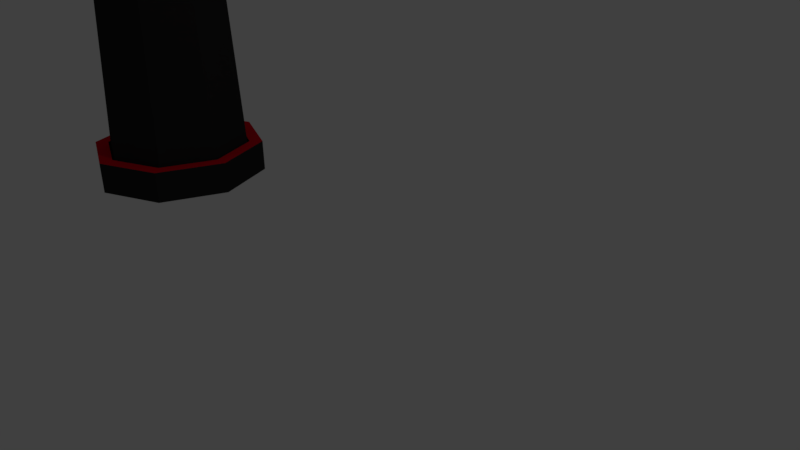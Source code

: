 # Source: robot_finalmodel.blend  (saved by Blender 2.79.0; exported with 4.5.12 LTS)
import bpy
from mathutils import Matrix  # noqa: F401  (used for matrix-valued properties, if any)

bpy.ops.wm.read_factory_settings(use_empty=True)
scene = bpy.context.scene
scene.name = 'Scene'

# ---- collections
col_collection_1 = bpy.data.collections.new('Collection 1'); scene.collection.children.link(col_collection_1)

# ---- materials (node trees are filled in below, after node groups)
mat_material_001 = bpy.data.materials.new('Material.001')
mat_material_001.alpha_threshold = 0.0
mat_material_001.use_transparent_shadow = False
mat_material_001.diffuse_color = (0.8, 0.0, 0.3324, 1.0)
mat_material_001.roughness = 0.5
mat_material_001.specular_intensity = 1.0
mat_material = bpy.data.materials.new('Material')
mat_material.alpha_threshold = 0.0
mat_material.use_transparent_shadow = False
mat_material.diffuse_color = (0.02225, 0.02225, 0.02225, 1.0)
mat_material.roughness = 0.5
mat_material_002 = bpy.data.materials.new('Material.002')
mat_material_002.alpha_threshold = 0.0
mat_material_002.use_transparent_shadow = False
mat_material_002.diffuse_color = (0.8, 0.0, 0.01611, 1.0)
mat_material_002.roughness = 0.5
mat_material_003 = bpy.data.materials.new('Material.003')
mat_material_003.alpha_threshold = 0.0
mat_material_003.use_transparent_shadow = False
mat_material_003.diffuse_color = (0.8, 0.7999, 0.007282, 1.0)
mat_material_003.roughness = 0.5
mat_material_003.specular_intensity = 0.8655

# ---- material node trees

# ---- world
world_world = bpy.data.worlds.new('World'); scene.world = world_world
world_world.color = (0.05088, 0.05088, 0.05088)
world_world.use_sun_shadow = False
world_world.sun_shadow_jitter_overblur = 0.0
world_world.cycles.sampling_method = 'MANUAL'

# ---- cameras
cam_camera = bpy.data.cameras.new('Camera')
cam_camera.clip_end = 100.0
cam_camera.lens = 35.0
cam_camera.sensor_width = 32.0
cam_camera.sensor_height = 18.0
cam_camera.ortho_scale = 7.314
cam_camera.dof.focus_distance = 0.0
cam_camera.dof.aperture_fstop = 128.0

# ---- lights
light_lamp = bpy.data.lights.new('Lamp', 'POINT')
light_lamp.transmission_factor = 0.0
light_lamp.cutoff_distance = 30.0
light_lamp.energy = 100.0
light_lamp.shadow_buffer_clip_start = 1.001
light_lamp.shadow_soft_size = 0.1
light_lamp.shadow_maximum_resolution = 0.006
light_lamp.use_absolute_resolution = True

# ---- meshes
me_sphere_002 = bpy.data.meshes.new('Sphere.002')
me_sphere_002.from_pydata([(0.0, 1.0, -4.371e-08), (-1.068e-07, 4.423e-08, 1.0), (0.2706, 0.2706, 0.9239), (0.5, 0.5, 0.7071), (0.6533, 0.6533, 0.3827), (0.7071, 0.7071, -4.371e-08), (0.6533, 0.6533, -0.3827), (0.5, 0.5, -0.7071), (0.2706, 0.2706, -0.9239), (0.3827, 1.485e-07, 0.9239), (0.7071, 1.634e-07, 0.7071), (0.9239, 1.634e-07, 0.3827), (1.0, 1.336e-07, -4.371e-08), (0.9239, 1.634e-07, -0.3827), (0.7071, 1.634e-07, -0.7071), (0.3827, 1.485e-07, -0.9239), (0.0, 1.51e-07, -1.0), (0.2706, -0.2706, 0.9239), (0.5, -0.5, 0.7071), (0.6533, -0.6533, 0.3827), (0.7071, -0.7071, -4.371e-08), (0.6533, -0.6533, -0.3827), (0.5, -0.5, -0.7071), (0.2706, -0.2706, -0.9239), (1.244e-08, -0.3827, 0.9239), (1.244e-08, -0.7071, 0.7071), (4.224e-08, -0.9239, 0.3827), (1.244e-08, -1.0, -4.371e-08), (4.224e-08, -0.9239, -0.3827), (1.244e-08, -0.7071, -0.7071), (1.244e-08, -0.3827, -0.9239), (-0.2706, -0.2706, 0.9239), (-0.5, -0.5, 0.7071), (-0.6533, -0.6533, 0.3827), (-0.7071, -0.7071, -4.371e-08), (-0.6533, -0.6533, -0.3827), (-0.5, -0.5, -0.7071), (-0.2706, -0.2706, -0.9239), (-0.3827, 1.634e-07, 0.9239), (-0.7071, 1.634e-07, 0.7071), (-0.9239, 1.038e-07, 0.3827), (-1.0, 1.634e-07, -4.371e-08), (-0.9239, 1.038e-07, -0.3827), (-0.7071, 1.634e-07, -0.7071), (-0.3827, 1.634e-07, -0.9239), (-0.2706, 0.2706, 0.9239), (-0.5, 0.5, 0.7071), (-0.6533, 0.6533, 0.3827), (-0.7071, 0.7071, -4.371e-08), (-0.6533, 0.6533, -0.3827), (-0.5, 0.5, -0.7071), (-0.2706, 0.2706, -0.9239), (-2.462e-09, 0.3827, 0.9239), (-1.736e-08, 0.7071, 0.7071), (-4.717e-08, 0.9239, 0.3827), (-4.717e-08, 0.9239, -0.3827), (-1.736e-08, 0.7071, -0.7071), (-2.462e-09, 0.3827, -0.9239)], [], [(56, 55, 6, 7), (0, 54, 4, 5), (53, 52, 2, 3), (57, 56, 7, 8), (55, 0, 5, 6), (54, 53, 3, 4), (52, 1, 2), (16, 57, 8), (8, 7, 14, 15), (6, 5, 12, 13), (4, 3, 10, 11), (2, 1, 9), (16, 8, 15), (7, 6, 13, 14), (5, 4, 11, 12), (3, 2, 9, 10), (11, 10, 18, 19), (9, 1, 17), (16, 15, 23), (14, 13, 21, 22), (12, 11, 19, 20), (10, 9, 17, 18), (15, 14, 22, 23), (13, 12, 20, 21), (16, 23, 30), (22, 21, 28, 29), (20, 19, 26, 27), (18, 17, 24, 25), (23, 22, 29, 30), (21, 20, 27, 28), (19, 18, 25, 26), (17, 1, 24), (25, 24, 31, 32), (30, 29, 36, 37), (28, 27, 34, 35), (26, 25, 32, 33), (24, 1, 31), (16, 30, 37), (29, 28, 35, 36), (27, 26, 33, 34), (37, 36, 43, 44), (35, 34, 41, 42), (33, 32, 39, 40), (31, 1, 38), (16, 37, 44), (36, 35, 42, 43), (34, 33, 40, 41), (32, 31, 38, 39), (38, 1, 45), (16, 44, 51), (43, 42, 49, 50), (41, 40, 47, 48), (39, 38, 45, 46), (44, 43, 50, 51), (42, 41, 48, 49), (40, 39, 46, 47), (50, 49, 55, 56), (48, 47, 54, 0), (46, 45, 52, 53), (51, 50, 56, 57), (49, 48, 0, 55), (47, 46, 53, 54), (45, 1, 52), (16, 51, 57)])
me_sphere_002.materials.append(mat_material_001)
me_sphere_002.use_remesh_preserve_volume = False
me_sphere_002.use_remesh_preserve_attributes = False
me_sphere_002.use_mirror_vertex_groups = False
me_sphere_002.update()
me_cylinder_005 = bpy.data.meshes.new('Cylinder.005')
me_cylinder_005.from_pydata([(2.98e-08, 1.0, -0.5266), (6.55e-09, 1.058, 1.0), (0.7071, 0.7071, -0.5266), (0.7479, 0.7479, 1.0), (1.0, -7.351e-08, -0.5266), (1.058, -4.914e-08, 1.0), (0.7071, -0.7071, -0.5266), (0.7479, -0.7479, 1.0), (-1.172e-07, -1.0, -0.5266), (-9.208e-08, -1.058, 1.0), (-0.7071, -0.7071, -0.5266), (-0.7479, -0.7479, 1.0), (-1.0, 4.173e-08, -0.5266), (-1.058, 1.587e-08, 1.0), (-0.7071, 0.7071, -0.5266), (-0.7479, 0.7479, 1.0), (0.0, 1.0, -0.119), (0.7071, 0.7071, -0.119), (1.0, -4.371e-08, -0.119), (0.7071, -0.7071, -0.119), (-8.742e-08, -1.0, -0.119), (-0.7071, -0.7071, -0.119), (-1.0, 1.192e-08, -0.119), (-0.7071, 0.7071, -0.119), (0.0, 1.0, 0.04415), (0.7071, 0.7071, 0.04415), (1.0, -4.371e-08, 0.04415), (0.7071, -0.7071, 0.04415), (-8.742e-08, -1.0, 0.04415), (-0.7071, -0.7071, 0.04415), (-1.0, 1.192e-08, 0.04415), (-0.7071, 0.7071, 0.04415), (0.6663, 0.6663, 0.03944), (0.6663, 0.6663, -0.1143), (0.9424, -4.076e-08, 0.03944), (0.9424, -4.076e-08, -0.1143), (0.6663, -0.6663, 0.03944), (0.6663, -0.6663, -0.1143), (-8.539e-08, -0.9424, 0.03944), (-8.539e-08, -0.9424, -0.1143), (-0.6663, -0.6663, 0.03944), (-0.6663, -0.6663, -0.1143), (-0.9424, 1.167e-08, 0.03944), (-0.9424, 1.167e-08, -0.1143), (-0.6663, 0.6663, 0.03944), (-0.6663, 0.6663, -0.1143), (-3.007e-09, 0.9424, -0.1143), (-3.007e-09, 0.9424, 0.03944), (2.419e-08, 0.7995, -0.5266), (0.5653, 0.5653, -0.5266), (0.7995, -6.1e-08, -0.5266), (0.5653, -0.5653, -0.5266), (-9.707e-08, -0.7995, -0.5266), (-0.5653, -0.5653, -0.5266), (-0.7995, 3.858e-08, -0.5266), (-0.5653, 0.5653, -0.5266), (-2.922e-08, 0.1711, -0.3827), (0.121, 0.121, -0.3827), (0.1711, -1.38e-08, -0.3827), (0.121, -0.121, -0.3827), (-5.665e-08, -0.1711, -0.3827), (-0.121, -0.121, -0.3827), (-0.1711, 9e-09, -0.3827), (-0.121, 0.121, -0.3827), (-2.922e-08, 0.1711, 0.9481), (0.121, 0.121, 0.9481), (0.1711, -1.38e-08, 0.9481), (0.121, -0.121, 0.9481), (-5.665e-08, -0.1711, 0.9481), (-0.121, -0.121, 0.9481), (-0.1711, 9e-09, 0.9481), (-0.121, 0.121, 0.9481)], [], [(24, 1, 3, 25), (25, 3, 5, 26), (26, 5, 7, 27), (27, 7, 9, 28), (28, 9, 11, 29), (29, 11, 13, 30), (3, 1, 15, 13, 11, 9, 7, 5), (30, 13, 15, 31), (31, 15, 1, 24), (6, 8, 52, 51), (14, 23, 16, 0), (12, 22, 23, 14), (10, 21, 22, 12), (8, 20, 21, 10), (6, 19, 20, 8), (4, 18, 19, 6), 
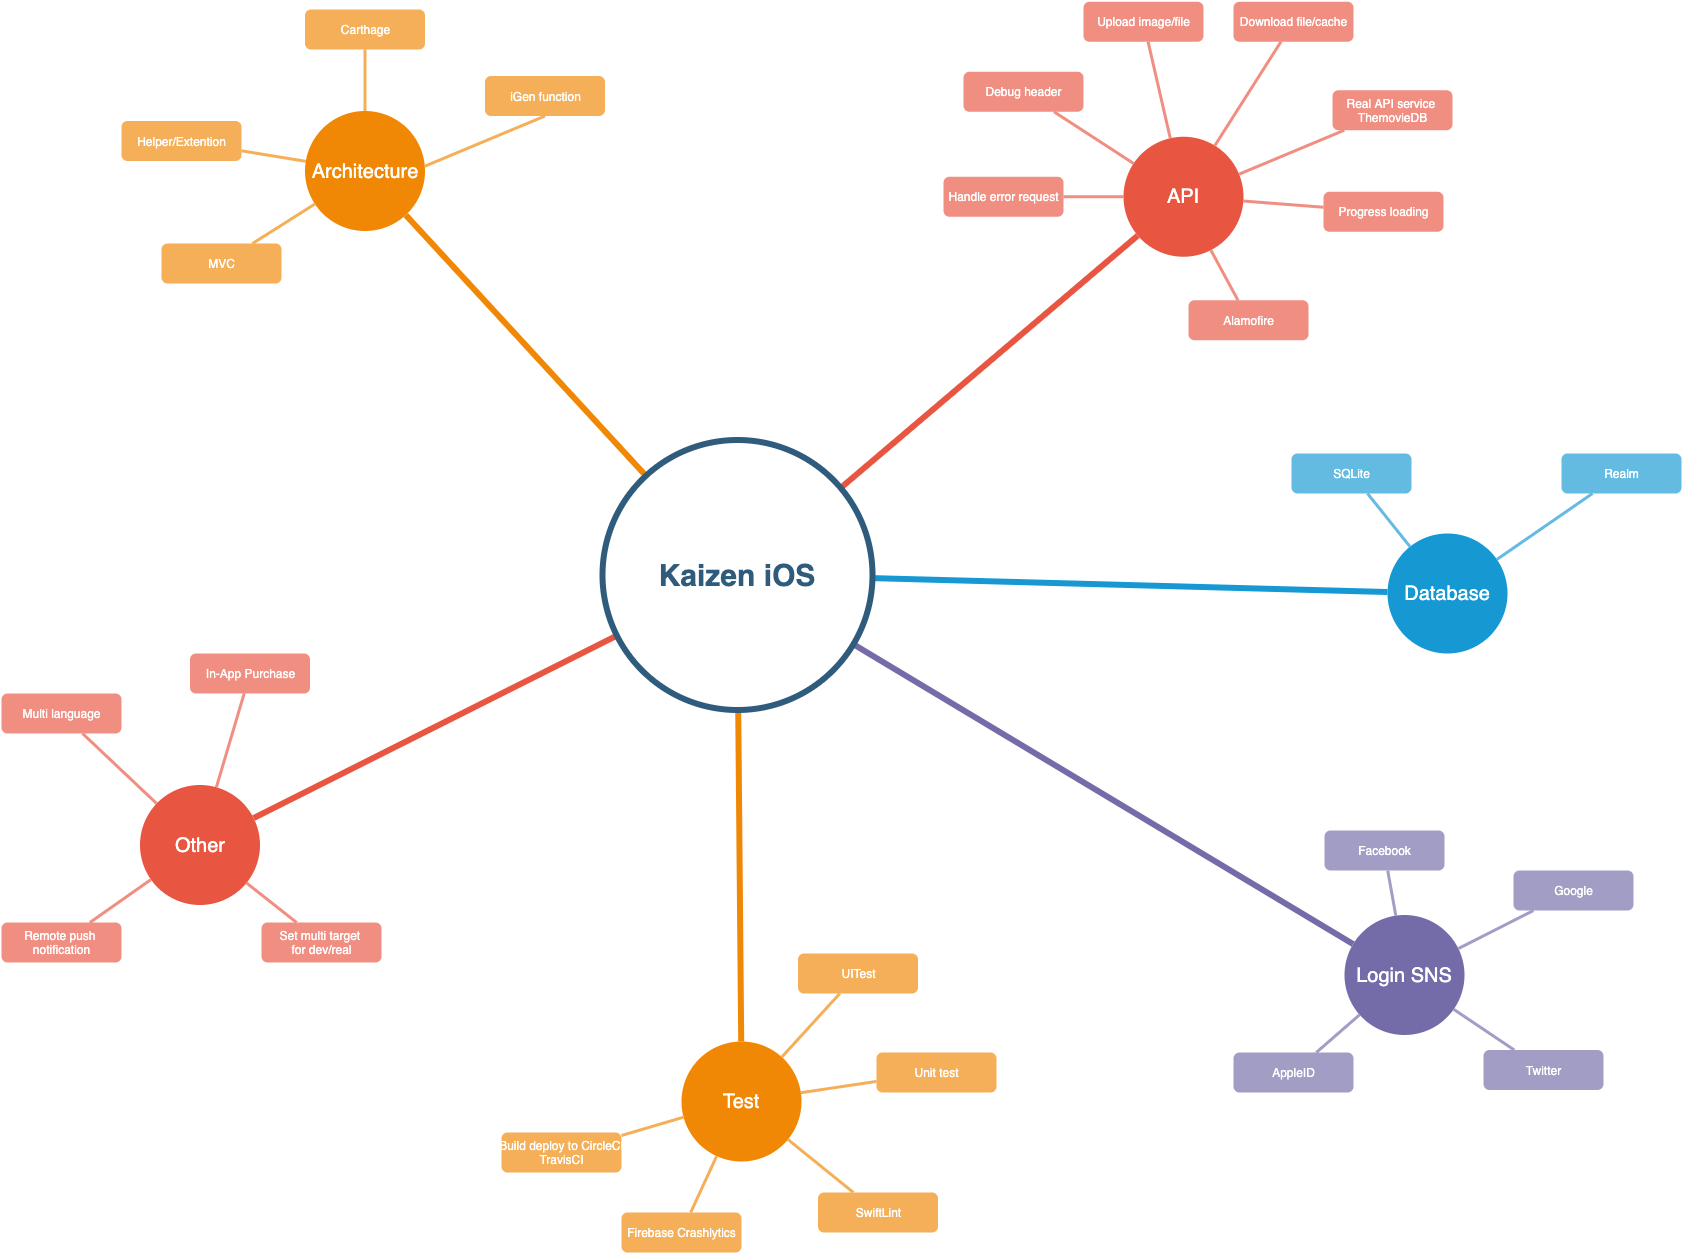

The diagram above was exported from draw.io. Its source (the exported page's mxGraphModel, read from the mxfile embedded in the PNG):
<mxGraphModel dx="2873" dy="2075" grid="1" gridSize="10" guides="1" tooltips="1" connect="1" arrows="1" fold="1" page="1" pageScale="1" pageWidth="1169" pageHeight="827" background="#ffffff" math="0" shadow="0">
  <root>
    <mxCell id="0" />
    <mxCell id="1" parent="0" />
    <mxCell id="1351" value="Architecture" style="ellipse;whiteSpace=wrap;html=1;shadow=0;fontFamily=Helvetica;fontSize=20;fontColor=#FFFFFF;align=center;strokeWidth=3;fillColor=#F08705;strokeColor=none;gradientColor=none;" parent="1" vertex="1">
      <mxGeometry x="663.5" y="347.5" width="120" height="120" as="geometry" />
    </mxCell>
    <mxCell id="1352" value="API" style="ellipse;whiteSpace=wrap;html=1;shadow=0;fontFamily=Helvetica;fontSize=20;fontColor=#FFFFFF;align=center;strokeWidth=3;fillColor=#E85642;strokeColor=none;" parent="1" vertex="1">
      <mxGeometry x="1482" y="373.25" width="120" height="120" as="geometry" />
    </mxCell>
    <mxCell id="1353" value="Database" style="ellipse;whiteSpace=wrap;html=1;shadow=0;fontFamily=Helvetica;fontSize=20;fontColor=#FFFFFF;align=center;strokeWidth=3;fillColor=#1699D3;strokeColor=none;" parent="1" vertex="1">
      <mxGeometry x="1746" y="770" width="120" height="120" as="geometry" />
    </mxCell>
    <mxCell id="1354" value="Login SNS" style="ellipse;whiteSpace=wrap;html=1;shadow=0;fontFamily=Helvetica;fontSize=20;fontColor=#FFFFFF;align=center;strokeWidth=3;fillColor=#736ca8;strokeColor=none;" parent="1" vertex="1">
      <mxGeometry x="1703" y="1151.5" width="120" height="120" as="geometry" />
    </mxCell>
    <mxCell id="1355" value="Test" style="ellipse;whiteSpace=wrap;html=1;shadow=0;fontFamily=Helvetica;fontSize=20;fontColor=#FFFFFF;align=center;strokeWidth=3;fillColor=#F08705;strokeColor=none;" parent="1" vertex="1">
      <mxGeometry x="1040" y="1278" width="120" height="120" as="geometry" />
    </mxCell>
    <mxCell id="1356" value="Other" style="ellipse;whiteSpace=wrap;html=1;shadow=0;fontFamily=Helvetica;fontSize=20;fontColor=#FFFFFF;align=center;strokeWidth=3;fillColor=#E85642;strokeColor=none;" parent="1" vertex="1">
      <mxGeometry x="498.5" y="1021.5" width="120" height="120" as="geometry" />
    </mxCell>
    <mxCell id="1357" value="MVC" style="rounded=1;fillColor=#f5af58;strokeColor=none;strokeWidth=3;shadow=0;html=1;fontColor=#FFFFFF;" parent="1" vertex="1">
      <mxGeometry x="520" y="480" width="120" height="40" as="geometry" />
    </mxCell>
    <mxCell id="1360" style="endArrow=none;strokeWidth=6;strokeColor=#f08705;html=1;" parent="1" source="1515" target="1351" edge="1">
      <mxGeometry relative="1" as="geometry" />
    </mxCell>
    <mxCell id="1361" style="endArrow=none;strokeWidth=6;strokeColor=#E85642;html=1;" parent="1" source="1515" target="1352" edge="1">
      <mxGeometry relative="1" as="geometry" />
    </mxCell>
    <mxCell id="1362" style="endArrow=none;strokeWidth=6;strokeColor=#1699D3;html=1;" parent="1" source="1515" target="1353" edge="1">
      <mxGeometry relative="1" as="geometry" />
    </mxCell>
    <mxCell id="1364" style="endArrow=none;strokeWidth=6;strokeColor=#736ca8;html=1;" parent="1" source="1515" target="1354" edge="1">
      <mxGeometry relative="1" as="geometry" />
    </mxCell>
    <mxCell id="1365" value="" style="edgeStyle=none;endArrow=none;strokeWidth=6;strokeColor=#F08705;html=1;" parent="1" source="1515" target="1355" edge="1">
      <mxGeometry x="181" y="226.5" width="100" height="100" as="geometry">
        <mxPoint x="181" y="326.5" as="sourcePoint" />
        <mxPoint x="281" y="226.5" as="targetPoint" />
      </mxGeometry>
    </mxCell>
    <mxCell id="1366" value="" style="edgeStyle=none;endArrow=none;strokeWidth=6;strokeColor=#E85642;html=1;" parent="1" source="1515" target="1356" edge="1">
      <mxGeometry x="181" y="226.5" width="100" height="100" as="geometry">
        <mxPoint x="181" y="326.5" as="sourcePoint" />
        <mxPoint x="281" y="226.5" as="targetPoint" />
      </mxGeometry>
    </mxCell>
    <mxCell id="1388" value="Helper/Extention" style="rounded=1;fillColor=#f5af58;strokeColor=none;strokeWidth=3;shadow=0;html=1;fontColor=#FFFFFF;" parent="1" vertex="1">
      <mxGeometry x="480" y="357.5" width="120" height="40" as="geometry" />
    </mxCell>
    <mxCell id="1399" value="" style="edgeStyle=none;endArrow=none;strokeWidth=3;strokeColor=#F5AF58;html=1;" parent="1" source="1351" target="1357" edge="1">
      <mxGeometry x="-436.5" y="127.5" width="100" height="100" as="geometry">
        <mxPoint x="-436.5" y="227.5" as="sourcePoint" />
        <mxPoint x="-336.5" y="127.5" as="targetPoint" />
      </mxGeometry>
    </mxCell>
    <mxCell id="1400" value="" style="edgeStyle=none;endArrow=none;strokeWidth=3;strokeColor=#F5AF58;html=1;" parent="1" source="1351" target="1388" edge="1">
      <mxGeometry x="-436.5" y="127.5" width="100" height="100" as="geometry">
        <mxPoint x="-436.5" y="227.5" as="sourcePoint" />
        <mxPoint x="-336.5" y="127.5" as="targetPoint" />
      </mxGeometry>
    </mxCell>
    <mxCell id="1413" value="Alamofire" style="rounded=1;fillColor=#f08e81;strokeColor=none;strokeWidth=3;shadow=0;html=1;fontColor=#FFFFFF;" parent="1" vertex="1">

+ + +

## How to complete this task:
Begin at the first line of the entries and end at the line containing "# ---- collections": write out each line exactly, skipping pictures.

## Finished exercise:
Source code

: # Source: robot_finalmodel.blend  (saved by Blender 2.79.0; exported with 4.5.12 LTS)
import bpy
from mathutils import Matrix  # noqa: F401  (used for matrix-valued properties, if any)

bpy.ops.wm.read_factory_settings(use_empty=True)
scene = bpy.context.scene
scene.name = 'Scene'

# ---- collections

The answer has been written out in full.